(ASSIGNMENT): Transcribe the following records exactly, images excluded.

[Data items]

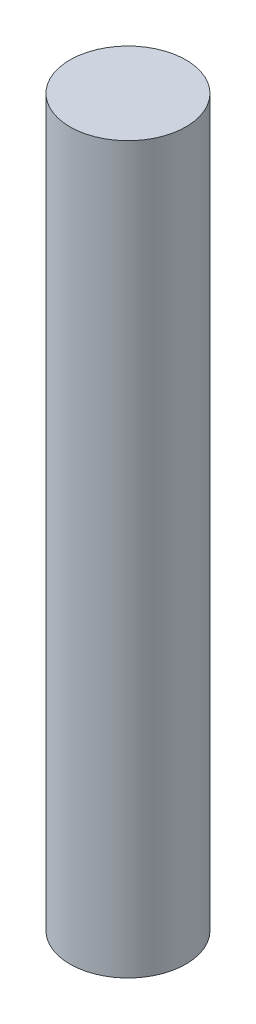
ISO-10303-21;
HEADER;
FILE_DESCRIPTION(('STEP AP214'),'2;1');
FILE_NAME('part.step','',(''),(''),'','','');
FILE_SCHEMA(('AUTOMOTIVE_DESIGN { 1 0 10303 214 1 1 1 1 }'));
ENDSEC;
DATA;
#1=APPLICATION_CONTEXT('core data for automotive mechanical design processes');
#2=APPLICATION_PROTOCOL_DEFINITION('international standard','automotive_design',2000,#1);
#3=PRODUCT_CONTEXT('',#1,'mechanical');
#4=PRODUCT('Part','Part','',(#3));
#5=PRODUCT_RELATED_PRODUCT_CATEGORY('part','',(#4));
#6=PRODUCT_DEFINITION_FORMATION('','',#4);
#7=PRODUCT_DEFINITION_CONTEXT('part definition',#1,'design');
#8=PRODUCT_DEFINITION('design','',#6,#7);
#9=PRODUCT_DEFINITION_SHAPE('','',#8);
#10=(LENGTH_UNIT() NAMED_UNIT(*) SI_UNIT(.MILLI.,.METRE.));
#11=(NAMED_UNIT(*) PLANE_ANGLE_UNIT() SI_UNIT($,.RADIAN.));
#12=(NAMED_UNIT(*) SI_UNIT($,.STERADIAN.) SOLID_ANGLE_UNIT());
#13=UNCERTAINTY_MEASURE_WITH_UNIT(LENGTH_MEASURE(1.E-05),#10,'distance_accuracy_value','');
#14=(GEOMETRIC_REPRESENTATION_CONTEXT(3) GLOBAL_UNCERTAINTY_ASSIGNED_CONTEXT((#13)) GLOBAL_UNIT_ASSIGNED_CONTEXT((#10,
#11,#12)) REPRESENTATION_CONTEXT('',''));
#15=CARTESIAN_POINT('',(0.,0.,0.));
#16=DIRECTION('',(0.,0.,1.));
#17=DIRECTION('',(1.,0.,0.));
#18=AXIS2_PLACEMENT_3D('',#15,#16,#17);
#19=CARTESIAN_POINT('',(0.,30.,0.));
#20=DIRECTION('',(0.,-1.,0.));
#21=DIRECTION('',(0.,0.,-1.));
#22=AXIS2_PLACEMENT_3D('',#19,#20,#21);
#23=CYLINDRICAL_SURFACE('',#22,2.4);
#24=CARTESIAN_POINT('',(0.,30.,0.));
#25=DIRECTION('',(0.,1.,0.));
#26=DIRECTION('',(0.,0.,1.));
#27=AXIS2_PLACEMENT_3D('',#24,#25,#26);
#28=CIRCLE('',#27,2.4);
#29=CARTESIAN_POINT('',(0.,30.,2.4));
#30=VERTEX_POINT('',#29);
#31=EDGE_CURVE('E10',#30,#30,#28,.T.);
#32=ORIENTED_EDGE('',*,*,#31,.F.);
#33=EDGE_LOOP('',(#32));
#34=FACE_BOUND('',#33,.T.);
#35=CARTESIAN_POINT('',(0.,0.,0.));
#36=DIRECTION('',(0.,1.,0.));
#37=DIRECTION('',(0.,0.,1.));
#38=AXIS2_PLACEMENT_3D('',#35,#36,#37);
#39=CIRCLE('',#38,2.4);
#40=CARTESIAN_POINT('',(0.,0.,2.4));
#41=VERTEX_POINT('',#40);
#42=EDGE_CURVE('E34',#41,#41,#39,.T.);
#43=ORIENTED_EDGE('',*,*,#42,.T.);
#44=EDGE_LOOP('',(#43));
#45=FACE_BOUND('',#44,.T.);
#46=ADVANCED_FACE('F31',(#34,#45),#23,.T.);
#47=CARTESIAN_POINT('',(0.,30.,0.));
#48=DIRECTION('',(0.,1.,0.));
#49=DIRECTION('',(0.,0.,1.));
#50=AXIS2_PLACEMENT_3D('',#47,#48,#49);
#51=PLANE('',#50);
#52=ORIENTED_EDGE('',*,*,#31,.T.);
#53=EDGE_LOOP('',(#52));
#54=FACE_BOUND('',#53,.T.);
#55=ADVANCED_FACE('F46',(#54),#51,.T.);
#56=CARTESIAN_POINT('',(0.,0.,0.));
#57=DIRECTION('',(0.,1.,0.));
#58=DIRECTION('',(0.,0.,1.));
#59=AXIS2_PLACEMENT_3D('',#56,#57,#58);
#60=PLANE('',#59);
#61=ORIENTED_EDGE('',*,*,#42,.F.);
#62=EDGE_LOOP('',(#61));
#63=FACE_BOUND('',#62,.T.);
#64=ADVANCED_FACE('F44',(#63),#60,.F.);
#65=CLOSED_SHELL('',(#46,#55,#64));
#66=MANIFOLD_SOLID_BREP('B2',#65);
#67=ADVANCED_BREP_SHAPE_REPRESENTATION('',(#18,#66),#14);
#68=SHAPE_DEFINITION_REPRESENTATION(#9,#67);
ENDSEC;
END-ISO-10303-21;

(ANSWER TO THIS EXERCISE):
ISO-10303-21;
HEADER;
FILE_DESCRIPTION(('STEP AP214'),'2;1');
FILE_NAME('part.step','',(''),(''),'','','');
FILE_SCHEMA(('AUTOMOTIVE_DESIGN { 1 0 10303 214 1 1 1 1 }'));
ENDSEC;
DATA;
#1=APPLICATION_CONTEXT('core data for automotive mechanical design processes');
#2=APPLICATION_PROTOCOL_DEFINITION('international standard','automotive_design',2000,#1);
#3=PRODUCT_CONTEXT('',#1,'mechanical');
#4=PRODUCT('Part','Part','',(#3));
#5=PRODUCT_RELATED_PRODUCT_CATEGORY('part','',(#4));
#6=PRODUCT_DEFINITION_FORMATION('','',#4);
#7=PRODUCT_DEFINITION_CONTEXT('part definition',#1,'design');
#8=PRODUCT_DEFINITION('design','',#6,#7);
#9=PRODUCT_DEFINITION_SHAPE('','',#8);
#10=(LENGTH_UNIT() NAMED_UNIT(*) SI_UNIT(.MILLI.,.METRE.));
#11=(NAMED_UNIT(*) PLANE_ANGLE_UNIT() SI_UNIT($,.RADIAN.));
#12=(NAMED_UNIT(*) SI_UNIT($,.STERADIAN.) SOLID_ANGLE_UNIT());
#13=UNCERTAINTY_MEASURE_WITH_UNIT(LENGTH_MEASURE(1.E-05),#10,'distance_accuracy_value','');
#14=(GEOMETRIC_REPRESENTATION_CONTEXT(3) GLOBAL_UNCERTAINTY_ASSIGNED_CONTEXT((#13)) GLOBAL_UNIT_ASSIGNED_CONTEXT((#10,
#11,#12)) REPRESENTATION_CONTEXT('',''));
#15=CARTESIAN_POINT('',(0.,0.,0.));
#16=DIRECTION('',(0.,0.,1.));
#17=DIRECTION('',(1.,0.,0.));
#18=AXIS2_PLACEMENT_3D('',#15,#16,#17);
#19=CARTESIAN_POINT('',(0.,30.,0.));
#20=DIRECTION('',(0.,-1.,0.));
#21=DIRECTION('',(0.,0.,-1.));
#22=AXIS2_PLACEMENT_3D('',#19,#20,#21);
#23=CYLINDRICAL_SURFACE('',#22,2.4);
#24=CARTESIAN_POINT('',(0.,30.,0.));
#25=DIRECTION('',(0.,1.,0.));
#26=DIRECTION('',(0.,0.,1.));
#27=AXIS2_PLACEMENT_3D('',#24,#25,#26);
#28=CIRCLE('',#27,2.4);
#29=CARTESIAN_POINT('',(0.,30.,2.4));
#30=VERTEX_POINT('',#29);
#31=EDGE_CURVE('E10',#30,#30,#28,.T.);
#32=ORIENTED_EDGE('',*,*,#31,.F.);
#33=EDGE_LOOP('',(#32));
#34=FACE_BOUND('',#33,.T.);
#35=CARTESIAN_POINT('',(0.,0.,0.));
#36=DIRECTION('',(0.,1.,0.));
#37=DIRECTION('',(0.,0.,1.));
#38=AXIS2_PLACEMENT_3D('',#35,#36,#37);
#39=CIRCLE('',#38,2.4);
#40=CARTESIAN_POINT('',(0.,0.,2.4));
#41=VERTEX_POINT('',#40);
#42=EDGE_CURVE('E34',#41,#41,#39,.T.);
#43=ORIENTED_EDGE('',*,*,#42,.T.);
#44=EDGE_LOOP('',(#43));
#45=FACE_BOUND('',#44,.T.);
#46=ADVANCED_FACE('F31',(#34,#45),#23,.T.);
#47=CARTESIAN_POINT('',(0.,30.,0.));
#48=DIRECTION('',(0.,1.,0.));
#49=DIRECTION('',(0.,0.,1.));
#50=AXIS2_PLACEMENT_3D('',#47,#48,#49);
#51=PLANE('',#50);
#52=ORIENTED_EDGE('',*,*,#31,.T.);
#53=EDGE_LOOP('',(#52));
#54=FACE_BOUND('',#53,.T.);
#55=ADVANCED_FACE('F46',(#54),#51,.T.);
#56=CARTESIAN_POINT('',(0.,0.,0.));
#57=DIRECTION('',(0.,1.,0.));
#58=DIRECTION('',(0.,0.,1.));
#59=AXIS2_PLACEMENT_3D('',#56,#57,#58);
#60=PLANE('',#59);
#61=ORIENTED_EDGE('',*,*,#42,.F.);
#62=EDGE_LOOP('',(#61));
#63=FACE_BOUND('',#62,.T.);
#64=ADVANCED_FACE('F44',(#63),#60,.F.);
#65=CLOSED_SHELL('',(#46,#55,#64));
#66=MANIFOLD_SOLID_BREP('B2',#65);
#67=ADVANCED_BREP_SHAPE_REPRESENTATION('',(#18,#66),#14);
#68=SHAPE_DEFINITION_REPRESENTATION(#9,#67);
ENDSEC;
END-ISO-10303-21;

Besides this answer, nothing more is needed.